Probably one of the nicest explanations of the bias/variance tradeoff is the one I found in the book Introduction to Information Retrieval (full book available online). The tradeoff can be explained mathematically, and also more intuitively. The mathematical explanation is as follows:
if we have a learning method that operates on a given set of input data (call it $x$) and a “real” underlying process that we are trying to approximate (call it $\alpha$), then the expected (squared) error is:
E[x-\alpha]^2 = Ex^2 – 2Ex\alpha + \alpha^2\\
= (Ex)^2 – 2Ex\alpha + \alpha^2 + Ex^2 – 2(Ex)^2 + (Ex)^2\\
= [Ex-\alpha]^2 + Ex^2 – E2x(Ex) + E(Ex)^2\\
= [Ex-\alpha]^2 + E[x-Ex]^2
Taking advantage of the linearity of expectation and adding a few extra cancelling terms, we end up with the representation:
Error = bias (E[x-\alpha]^2) + variance (E[x-Ex]^2)
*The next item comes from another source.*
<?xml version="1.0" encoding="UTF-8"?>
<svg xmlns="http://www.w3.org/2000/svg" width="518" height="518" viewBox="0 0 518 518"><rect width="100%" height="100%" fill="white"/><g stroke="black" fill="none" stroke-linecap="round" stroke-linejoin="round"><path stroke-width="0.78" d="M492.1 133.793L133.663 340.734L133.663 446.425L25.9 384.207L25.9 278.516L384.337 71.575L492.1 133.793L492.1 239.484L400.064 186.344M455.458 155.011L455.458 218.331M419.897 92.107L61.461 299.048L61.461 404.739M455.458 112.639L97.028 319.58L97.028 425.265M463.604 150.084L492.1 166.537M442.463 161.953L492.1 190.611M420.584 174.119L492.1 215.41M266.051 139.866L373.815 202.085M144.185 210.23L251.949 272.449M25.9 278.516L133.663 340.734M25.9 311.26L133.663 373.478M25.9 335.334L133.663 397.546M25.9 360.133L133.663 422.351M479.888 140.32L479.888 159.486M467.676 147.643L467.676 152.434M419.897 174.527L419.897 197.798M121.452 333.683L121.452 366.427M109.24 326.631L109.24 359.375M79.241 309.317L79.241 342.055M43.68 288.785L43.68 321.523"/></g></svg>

Thats the mathematical equivalence. However, a more descriptive approach is as follows:
Bias is the squared difference between the true underlying distribution and the prediction of the learning process, averaged over our input datasets. Consistently wrong prediction equal large bias. Bias is small when the predictions are consistently right, or the average error across different training sets is roughly zero. Linear models generally have a high bias for nonlinear problems. Bias can represent the domain knowledge that we have built into the learning process – a linear assumption may be unsuitable for a nonlinear problem, and thus result in high bias.
Variance is the variation in prediction (or the consistency) – it is large if different training sets result in different learning models. Linear models will generally have lower variance. High variance generally results in overfitting – in effect, the learning model is learning from noise, and will not generalize well.
Its a useful analogy to think of most learning models as a box with two dials – bias and variance, and the setting of one will affect the other. We can only try and find the “right” setting for the situation we are working with. Hence the bias-variance tradeoff.